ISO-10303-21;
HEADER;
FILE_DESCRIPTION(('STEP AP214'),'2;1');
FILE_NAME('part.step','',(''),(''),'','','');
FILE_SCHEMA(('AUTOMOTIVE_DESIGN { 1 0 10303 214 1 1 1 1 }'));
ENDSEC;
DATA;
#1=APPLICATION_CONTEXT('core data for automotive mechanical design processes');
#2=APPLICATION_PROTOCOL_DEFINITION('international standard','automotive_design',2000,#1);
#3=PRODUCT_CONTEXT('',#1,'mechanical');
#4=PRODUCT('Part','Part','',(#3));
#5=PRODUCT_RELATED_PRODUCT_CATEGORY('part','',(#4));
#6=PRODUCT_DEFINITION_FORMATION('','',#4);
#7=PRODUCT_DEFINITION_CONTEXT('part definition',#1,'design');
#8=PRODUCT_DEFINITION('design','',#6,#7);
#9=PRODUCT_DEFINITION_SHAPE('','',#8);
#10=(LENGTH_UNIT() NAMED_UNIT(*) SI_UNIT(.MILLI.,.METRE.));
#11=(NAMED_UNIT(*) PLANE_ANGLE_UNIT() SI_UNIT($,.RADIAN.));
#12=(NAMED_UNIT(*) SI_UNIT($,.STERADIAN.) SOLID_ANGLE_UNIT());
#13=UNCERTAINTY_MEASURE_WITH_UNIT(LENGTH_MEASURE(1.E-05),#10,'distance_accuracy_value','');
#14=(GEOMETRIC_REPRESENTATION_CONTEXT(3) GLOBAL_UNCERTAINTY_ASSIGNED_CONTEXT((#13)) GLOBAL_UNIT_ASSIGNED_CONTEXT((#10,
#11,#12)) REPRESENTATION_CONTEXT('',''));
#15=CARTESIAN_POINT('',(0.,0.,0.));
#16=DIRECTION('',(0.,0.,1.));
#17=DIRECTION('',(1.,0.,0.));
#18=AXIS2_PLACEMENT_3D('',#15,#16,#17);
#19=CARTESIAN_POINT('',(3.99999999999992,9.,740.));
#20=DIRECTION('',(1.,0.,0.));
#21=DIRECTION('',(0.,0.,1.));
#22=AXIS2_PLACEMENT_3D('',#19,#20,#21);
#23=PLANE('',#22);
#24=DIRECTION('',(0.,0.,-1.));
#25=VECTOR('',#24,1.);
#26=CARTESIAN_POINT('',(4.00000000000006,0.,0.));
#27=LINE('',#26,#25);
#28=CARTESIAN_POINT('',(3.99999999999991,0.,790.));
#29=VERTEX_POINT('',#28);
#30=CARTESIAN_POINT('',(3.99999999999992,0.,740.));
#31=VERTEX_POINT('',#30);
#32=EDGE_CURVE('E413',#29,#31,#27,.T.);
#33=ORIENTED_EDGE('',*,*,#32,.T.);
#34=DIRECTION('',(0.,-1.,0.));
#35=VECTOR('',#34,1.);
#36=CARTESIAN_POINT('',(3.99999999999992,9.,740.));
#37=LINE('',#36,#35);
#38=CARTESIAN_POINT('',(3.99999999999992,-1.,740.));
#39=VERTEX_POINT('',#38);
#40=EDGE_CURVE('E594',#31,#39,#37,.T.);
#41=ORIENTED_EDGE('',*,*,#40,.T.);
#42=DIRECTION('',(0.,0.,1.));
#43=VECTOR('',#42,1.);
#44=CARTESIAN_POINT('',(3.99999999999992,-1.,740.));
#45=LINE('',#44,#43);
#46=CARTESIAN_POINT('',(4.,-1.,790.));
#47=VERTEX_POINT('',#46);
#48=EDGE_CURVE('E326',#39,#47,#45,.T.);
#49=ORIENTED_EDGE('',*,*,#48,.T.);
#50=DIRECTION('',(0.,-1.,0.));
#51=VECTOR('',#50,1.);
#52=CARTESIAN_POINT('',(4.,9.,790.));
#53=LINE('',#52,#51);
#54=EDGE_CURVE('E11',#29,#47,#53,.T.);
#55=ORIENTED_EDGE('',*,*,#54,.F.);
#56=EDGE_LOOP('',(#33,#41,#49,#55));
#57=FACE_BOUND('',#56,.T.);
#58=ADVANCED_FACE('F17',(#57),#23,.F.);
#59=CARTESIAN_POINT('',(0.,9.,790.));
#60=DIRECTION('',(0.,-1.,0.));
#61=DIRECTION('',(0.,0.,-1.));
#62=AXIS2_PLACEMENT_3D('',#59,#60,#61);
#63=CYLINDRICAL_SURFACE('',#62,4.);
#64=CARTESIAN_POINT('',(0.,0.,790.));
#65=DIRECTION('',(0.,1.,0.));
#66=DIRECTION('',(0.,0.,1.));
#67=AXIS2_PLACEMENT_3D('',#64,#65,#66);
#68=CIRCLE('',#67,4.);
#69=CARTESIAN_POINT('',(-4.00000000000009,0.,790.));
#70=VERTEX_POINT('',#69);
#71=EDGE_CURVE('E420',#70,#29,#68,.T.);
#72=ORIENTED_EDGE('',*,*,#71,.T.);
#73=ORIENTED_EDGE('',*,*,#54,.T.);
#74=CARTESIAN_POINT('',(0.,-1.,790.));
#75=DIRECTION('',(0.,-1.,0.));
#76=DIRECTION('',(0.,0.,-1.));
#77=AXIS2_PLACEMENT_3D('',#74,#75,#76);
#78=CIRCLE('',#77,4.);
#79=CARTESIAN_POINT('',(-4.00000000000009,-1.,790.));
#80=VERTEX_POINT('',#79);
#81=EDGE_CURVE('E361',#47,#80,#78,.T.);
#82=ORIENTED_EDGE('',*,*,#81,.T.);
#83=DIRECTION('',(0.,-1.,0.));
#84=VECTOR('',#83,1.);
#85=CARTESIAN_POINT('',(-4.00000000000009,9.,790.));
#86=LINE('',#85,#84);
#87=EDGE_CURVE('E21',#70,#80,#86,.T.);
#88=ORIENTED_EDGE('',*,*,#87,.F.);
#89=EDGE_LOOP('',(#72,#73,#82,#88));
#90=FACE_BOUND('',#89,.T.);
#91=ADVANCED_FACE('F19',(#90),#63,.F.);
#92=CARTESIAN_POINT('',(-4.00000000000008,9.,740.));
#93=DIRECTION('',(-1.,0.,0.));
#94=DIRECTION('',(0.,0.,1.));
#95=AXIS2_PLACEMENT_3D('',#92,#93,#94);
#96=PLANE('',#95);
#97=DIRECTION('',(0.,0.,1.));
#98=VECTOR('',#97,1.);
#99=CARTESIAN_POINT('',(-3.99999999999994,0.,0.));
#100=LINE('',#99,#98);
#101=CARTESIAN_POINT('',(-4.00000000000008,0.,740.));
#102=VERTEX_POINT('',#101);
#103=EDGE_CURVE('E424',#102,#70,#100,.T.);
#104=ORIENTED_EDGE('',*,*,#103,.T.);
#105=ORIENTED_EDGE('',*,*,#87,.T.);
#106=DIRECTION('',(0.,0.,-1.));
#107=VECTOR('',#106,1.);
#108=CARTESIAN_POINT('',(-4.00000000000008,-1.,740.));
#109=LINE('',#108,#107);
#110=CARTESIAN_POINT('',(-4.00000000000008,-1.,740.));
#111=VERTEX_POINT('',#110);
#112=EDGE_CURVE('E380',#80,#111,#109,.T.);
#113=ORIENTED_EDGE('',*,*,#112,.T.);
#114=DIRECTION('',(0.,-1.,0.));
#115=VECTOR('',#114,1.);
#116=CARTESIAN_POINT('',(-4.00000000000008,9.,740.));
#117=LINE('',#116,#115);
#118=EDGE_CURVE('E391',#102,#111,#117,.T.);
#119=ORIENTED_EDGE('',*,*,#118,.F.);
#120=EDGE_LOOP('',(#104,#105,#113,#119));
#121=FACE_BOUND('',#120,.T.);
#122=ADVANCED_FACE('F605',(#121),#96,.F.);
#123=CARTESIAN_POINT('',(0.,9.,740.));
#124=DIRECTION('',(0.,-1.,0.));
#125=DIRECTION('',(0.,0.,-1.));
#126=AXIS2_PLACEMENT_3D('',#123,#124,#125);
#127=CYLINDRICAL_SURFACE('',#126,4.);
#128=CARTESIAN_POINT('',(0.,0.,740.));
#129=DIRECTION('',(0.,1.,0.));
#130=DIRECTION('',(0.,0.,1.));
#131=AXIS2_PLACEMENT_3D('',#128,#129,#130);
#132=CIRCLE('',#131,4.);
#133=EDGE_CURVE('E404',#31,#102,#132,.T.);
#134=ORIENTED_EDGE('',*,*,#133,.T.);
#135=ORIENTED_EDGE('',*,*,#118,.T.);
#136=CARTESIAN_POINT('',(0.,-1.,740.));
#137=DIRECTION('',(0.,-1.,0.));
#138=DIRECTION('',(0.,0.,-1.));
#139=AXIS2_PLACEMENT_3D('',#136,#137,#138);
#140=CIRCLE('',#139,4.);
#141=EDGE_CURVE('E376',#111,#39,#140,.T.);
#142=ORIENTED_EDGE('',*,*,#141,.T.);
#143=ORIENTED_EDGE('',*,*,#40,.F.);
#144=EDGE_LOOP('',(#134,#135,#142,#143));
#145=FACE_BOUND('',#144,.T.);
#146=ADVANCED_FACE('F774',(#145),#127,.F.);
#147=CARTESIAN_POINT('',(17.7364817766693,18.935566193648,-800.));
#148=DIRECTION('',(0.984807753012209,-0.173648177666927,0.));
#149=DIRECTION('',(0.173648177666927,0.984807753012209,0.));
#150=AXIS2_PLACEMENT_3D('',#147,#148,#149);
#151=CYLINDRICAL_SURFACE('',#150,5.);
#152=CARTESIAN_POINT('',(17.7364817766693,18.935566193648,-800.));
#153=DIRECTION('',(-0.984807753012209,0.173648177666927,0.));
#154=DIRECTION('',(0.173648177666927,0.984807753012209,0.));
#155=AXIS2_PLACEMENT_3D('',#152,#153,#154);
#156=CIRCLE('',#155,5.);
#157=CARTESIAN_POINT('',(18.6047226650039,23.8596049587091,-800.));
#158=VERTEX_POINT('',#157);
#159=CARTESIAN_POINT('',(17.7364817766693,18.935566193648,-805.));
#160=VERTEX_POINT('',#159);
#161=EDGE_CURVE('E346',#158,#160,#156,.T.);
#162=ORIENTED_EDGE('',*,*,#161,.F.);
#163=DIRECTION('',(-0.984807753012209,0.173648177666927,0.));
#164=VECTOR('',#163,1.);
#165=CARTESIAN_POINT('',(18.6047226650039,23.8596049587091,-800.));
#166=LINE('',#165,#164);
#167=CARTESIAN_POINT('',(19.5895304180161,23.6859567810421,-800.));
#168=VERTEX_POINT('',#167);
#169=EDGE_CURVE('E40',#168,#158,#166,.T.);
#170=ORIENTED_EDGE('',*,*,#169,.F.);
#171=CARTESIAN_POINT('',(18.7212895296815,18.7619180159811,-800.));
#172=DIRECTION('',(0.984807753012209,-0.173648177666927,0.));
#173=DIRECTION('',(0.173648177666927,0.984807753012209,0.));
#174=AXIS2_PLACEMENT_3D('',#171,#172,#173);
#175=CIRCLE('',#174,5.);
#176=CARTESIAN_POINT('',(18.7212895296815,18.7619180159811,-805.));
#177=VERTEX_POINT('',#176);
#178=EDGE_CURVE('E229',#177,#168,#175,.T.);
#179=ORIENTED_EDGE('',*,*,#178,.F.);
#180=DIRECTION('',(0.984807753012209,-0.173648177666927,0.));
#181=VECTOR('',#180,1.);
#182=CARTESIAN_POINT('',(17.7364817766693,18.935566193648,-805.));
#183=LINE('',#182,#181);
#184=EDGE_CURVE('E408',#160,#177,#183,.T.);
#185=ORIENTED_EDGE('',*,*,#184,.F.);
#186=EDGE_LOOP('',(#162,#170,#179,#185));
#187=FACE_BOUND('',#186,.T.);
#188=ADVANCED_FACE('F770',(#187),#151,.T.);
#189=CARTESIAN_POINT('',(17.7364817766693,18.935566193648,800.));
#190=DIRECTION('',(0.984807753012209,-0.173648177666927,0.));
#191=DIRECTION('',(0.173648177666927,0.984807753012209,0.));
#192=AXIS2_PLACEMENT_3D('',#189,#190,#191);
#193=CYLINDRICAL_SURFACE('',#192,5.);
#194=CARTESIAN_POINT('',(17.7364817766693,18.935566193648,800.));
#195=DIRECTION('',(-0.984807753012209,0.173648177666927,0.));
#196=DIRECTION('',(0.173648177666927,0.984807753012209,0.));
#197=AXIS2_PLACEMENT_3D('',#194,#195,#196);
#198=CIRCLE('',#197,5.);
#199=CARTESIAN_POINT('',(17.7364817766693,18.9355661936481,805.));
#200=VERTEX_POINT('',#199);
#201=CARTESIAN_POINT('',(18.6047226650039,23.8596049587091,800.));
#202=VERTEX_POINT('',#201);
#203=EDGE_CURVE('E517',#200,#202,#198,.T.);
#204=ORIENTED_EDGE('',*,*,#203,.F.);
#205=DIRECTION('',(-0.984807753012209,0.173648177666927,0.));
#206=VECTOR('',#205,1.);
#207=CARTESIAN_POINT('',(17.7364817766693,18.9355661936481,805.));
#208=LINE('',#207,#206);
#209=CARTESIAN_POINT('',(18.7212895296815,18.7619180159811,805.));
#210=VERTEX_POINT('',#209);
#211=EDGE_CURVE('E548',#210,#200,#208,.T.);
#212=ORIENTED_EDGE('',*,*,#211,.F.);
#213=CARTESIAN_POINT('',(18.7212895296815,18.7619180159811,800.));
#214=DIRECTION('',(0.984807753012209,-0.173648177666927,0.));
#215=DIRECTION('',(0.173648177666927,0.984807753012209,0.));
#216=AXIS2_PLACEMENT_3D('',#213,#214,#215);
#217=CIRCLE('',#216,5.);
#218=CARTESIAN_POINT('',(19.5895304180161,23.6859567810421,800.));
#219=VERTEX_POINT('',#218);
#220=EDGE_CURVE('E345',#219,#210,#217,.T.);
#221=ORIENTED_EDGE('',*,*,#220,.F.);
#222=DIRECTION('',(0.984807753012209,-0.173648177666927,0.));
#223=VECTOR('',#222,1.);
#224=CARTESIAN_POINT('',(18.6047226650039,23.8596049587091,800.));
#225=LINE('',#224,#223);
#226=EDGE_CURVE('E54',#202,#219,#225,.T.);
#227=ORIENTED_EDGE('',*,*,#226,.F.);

━━━━━━━━━━━━━━━━━━━━━━━━━━━━━━

Among the lines above, find the one with "#51=VECTOR('',#50,1.);" and the one with "#103=EDGE_CURVE('E424',#102,#70,#100,.T.);". Quote both and everything between them, exactly.

◆ Result below ◆
#51=VECTOR('',#50,1.);
#52=CARTESIAN_POINT('',(4.,9.,790.));
#53=LINE('',#52,#51);
#54=EDGE_CURVE('E11',#29,#47,#53,.T.);
#55=ORIENTED_EDGE('',*,*,#54,.F.);
#56=EDGE_LOOP('',(#33,#41,#49,#55));
#57=FACE_BOUND('',#56,.T.);
#58=ADVANCED_FACE('F17',(#57),#23,.F.);
#59=CARTESIAN_POINT('',(0.,9.,790.));
#60=DIRECTION('',(0.,-1.,0.));
#61=DIRECTION('',(0.,0.,-1.));
#62=AXIS2_PLACEMENT_3D('',#59,#60,#61);
#63=CYLINDRICAL_SURFACE('',#62,4.);
#64=CARTESIAN_POINT('',(0.,0.,790.));
#65=DIRECTION('',(0.,1.,0.));
#66=DIRECTION('',(0.,0.,1.));
#67=AXIS2_PLACEMENT_3D('',#64,#65,#66);
#68=CIRCLE('',#67,4.);
#69=CARTESIAN_POINT('',(-4.00000000000009,0.,790.));
#70=VERTEX_POINT('',#69);
#71=EDGE_CURVE('E420',#70,#29,#68,.T.);
#72=ORIENTED_EDGE('',*,*,#71,.T.);
#73=ORIENTED_EDGE('',*,*,#54,.T.);
#74=CARTESIAN_POINT('',(0.,-1.,790.));
#75=DIRECTION('',(0.,-1.,0.));
#76=DIRECTION('',(0.,0.,-1.));
#77=AXIS2_PLACEMENT_3D('',#74,#75,#76);
#78=CIRCLE('',#77,4.);
#79=CARTESIAN_POINT('',(-4.00000000000009,-1.,790.));
#80=VERTEX_POINT('',#79);
#81=EDGE_CURVE('E361',#47,#80,#78,.T.);
#82=ORIENTED_EDGE('',*,*,#81,.T.);
#83=DIRECTION('',(0.,-1.,0.));
#84=VECTOR('',#83,1.);
#85=CARTESIAN_POINT('',(-4.00000000000009,9.,790.));
#86=LINE('',#85,#84);
#87=EDGE_CURVE('E21',#70,#80,#86,.T.);
#88=ORIENTED_EDGE('',*,*,#87,.F.);
#89=EDGE_LOOP('',(#72,#73,#82,#88));
#90=FACE_BOUND('',#89,.T.);
#91=ADVANCED_FACE('F19',(#90),#63,.F.);
#92=CARTESIAN_POINT('',(-4.00000000000008,9.,740.));
#93=DIRECTION('',(-1.,0.,0.));
#94=DIRECTION('',(0.,0.,1.));
#95=AXIS2_PLACEMENT_3D('',#92,#93,#94);
#96=PLANE('',#95);
#97=DIRECTION('',(0.,0.,1.));
#98=VECTOR('',#97,1.);
#99=CARTESIAN_POINT('',(-3.99999999999994,0.,0.));
#100=LINE('',#99,#98);
#101=CARTESIAN_POINT('',(-4.00000000000008,0.,740.));
#102=VERTEX_POINT('',#101);
#103=EDGE_CURVE('E424',#102,#70,#100,.T.);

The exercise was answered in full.